EXTRACTED RECORDS section start
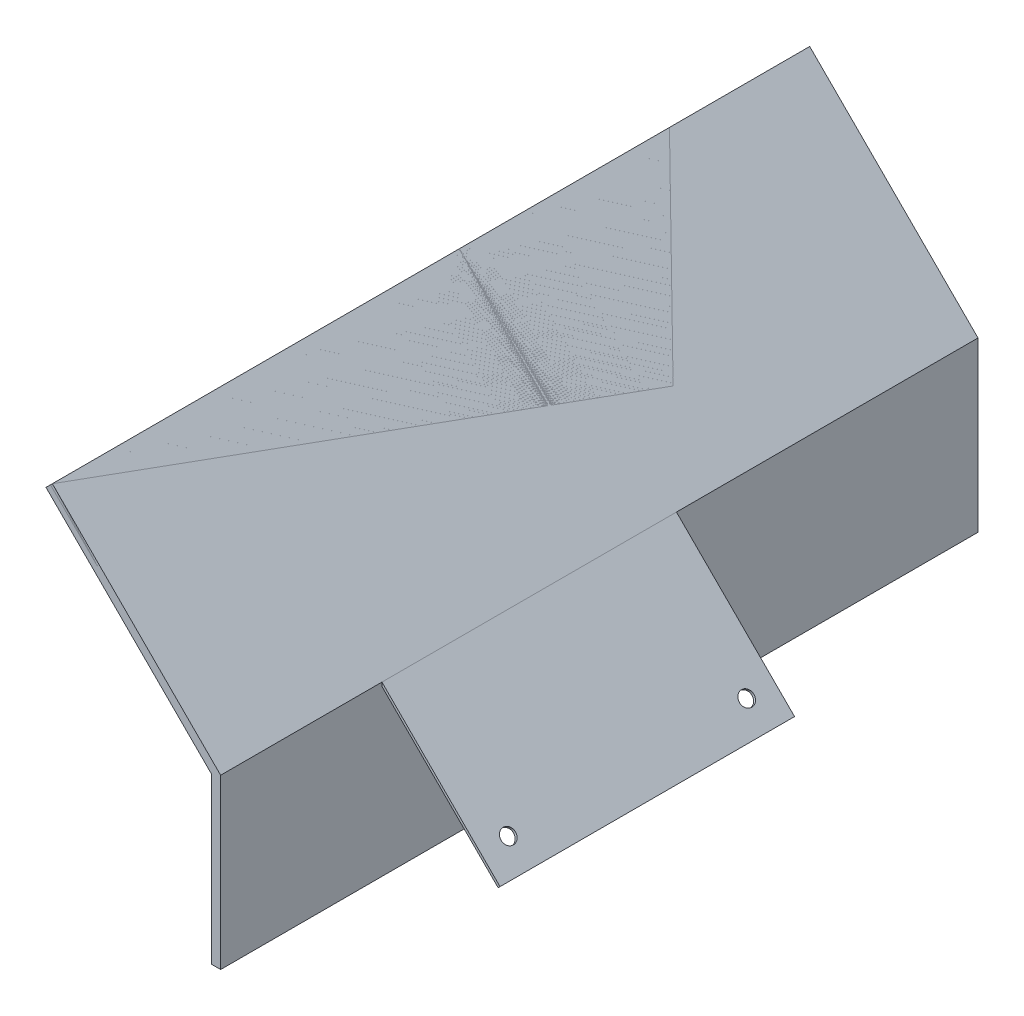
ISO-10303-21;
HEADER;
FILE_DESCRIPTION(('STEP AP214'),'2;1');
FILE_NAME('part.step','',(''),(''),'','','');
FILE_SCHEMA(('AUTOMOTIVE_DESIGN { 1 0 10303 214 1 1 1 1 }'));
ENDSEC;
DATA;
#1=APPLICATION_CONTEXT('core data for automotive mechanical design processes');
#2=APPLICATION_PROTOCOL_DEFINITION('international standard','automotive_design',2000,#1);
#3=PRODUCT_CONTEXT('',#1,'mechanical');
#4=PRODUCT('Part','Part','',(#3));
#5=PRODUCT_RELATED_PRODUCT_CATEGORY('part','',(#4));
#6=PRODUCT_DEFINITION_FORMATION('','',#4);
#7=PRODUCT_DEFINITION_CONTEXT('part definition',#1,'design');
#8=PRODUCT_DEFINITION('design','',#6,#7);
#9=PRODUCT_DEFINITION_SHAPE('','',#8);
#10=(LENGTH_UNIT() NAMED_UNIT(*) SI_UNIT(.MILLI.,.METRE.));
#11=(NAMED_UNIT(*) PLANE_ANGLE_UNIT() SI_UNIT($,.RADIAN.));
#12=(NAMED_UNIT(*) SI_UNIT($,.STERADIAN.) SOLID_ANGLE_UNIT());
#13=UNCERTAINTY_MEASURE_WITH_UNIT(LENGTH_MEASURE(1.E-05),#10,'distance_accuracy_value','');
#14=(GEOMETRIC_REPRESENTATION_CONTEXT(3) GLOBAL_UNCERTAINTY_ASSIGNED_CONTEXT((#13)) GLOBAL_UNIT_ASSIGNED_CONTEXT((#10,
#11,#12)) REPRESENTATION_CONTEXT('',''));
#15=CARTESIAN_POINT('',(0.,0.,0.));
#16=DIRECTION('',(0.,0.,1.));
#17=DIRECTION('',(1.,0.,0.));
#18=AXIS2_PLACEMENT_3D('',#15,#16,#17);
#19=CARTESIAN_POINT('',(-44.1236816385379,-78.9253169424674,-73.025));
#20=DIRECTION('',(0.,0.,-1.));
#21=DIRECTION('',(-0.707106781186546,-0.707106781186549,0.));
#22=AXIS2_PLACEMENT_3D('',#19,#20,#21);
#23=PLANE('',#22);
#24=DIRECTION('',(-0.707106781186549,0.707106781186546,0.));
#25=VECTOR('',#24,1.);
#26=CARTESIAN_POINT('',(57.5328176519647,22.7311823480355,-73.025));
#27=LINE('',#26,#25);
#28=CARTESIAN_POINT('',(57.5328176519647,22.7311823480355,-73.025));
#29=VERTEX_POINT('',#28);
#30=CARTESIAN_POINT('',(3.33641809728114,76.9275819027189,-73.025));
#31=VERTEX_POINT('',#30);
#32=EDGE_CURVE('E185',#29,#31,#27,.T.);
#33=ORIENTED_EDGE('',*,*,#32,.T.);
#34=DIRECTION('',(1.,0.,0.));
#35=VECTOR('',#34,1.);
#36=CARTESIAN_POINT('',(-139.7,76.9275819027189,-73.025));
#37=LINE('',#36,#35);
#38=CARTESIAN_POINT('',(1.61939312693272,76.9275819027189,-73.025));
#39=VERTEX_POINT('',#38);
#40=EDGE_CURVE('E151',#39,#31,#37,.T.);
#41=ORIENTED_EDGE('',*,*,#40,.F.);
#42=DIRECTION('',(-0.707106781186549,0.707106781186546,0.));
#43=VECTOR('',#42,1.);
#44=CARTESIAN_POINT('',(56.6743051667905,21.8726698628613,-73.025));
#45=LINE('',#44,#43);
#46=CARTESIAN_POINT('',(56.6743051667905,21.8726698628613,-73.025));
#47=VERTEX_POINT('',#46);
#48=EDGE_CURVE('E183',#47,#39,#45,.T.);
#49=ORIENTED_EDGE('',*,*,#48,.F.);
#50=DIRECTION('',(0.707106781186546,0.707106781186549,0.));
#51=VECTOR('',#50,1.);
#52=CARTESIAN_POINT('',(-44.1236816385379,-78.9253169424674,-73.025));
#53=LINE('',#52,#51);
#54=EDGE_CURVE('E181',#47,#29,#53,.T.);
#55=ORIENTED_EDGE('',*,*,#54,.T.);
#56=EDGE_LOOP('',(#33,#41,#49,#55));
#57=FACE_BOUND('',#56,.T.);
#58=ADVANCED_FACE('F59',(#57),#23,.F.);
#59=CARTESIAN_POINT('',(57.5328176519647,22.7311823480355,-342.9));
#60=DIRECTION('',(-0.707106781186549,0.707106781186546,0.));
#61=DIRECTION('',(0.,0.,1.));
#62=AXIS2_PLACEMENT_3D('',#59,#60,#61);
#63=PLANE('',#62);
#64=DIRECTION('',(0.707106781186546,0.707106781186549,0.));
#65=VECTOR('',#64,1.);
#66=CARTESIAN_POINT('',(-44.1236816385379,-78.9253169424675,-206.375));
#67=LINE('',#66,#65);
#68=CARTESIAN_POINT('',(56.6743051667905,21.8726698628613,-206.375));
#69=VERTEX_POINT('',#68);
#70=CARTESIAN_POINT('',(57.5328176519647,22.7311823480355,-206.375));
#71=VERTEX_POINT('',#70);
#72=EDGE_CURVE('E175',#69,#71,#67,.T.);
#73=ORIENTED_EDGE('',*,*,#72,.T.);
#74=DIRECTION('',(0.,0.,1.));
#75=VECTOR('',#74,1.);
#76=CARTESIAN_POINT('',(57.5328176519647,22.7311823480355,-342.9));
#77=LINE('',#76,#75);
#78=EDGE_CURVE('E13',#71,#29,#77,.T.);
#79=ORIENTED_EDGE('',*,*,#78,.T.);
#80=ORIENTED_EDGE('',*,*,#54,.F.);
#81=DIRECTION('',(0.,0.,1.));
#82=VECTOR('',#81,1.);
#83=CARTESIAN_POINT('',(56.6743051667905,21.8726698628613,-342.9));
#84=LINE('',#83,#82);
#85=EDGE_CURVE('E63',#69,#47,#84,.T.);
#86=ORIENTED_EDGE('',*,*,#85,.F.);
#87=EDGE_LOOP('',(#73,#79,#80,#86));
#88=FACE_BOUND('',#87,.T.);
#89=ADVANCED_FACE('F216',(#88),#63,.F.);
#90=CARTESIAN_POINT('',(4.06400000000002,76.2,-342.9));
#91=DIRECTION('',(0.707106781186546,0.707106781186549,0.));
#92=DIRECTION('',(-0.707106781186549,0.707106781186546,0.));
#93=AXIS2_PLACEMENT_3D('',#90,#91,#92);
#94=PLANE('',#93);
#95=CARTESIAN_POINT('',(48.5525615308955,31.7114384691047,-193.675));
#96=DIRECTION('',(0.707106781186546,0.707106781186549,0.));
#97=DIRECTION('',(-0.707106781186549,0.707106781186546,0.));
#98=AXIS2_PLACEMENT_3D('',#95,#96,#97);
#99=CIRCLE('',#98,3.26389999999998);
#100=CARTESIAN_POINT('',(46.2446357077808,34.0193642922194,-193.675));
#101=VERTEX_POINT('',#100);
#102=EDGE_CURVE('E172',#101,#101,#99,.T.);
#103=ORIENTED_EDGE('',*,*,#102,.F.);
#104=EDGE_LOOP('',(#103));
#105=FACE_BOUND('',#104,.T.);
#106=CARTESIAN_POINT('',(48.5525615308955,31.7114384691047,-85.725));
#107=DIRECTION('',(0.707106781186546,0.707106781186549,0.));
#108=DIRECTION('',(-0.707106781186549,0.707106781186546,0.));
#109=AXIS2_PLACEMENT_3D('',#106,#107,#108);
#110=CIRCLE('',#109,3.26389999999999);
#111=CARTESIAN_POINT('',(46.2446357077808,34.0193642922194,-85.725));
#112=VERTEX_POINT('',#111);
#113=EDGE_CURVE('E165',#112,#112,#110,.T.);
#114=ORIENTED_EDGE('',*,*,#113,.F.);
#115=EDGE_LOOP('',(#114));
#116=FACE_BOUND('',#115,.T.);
EXTRACTED RECORDS section end
## PROBLEM DESCRIPTION
Reproduce exactly the line that contains "#74=DIRECTION('',(0.,0.,1.));" together with each line after it to the end of the entries; include no other lines.

## OUTPUT
#74=DIRECTION('',(0.,0.,1.));
#75=VECTOR('',#74,1.);
#76=CARTESIAN_POINT('',(57.5328176519647,22.7311823480355,-342.9));
#77=LINE('',#76,#75);
#78=EDGE_CURVE('E13',#71,#29,#77,.T.);
#79=ORIENTED_EDGE('',*,*,#78,.T.);
#80=ORIENTED_EDGE('',*,*,#54,.F.);
#81=DIRECTION('',(0.,0.,1.));
#82=VECTOR('',#81,1.);
#83=CARTESIAN_POINT('',(56.6743051667905,21.8726698628613,-342.9));
#84=LINE('',#83,#82);
#85=EDGE_CURVE('E63',#69,#47,#84,.T.);
#86=ORIENTED_EDGE('',*,*,#85,.F.);
#87=EDGE_LOOP('',(#73,#79,#80,#86));
#88=FACE_BOUND('',#87,.T.);
#89=ADVANCED_FACE('F216',(#88),#63,.F.);
#90=CARTESIAN_POINT('',(4.06400000000002,76.2,-342.9));
#91=DIRECTION('',(0.707106781186546,0.707106781186549,0.));
#92=DIRECTION('',(-0.707106781186549,0.707106781186546,0.));
#93=AXIS2_PLACEMENT_3D('',#90,#91,#92);
#94=PLANE('',#93);
#95=CARTESIAN_POINT('',(48.5525615308955,31.7114384691047,-193.675));
#96=DIRECTION('',(0.707106781186546,0.707106781186549,0.));
#97=DIRECTION('',(-0.707106781186549,0.707106781186546,0.));
#98=AXIS2_PLACEMENT_3D('',#95,#96,#97);
#99=CIRCLE('',#98,3.26389999999998);
#100=CARTESIAN_POINT('',(46.2446357077808,34.0193642922194,-193.675));
#101=VERTEX_POINT('',#100);
#102=EDGE_CURVE('E172',#101,#101,#99,.T.);
#103=ORIENTED_EDGE('',*,*,#102,.F.);
#104=EDGE_LOOP('',(#103));
#105=FACE_BOUND('',#104,.T.);
#106=CARTESIAN_POINT('',(48.5525615308955,31.7114384691047,-85.725));
#107=DIRECTION('',(0.707106781186546,0.707106781186549,0.));
#108=DIRECTION('',(-0.707106781186549,0.707106781186546,0.));
#109=AXIS2_PLACEMENT_3D('',#106,#107,#108);
#110=CIRCLE('',#109,3.26389999999999);
#111=CARTESIAN_POINT('',(46.2446357077808,34.0193642922194,-85.725));
#112=VERTEX_POINT('',#111);
#113=EDGE_CURVE('E165',#112,#112,#110,.T.);
#114=ORIENTED_EDGE('',*,*,#113,.F.);
#115=EDGE_LOOP('',(#114));
#116=FACE_BOUND('',#115,.T.);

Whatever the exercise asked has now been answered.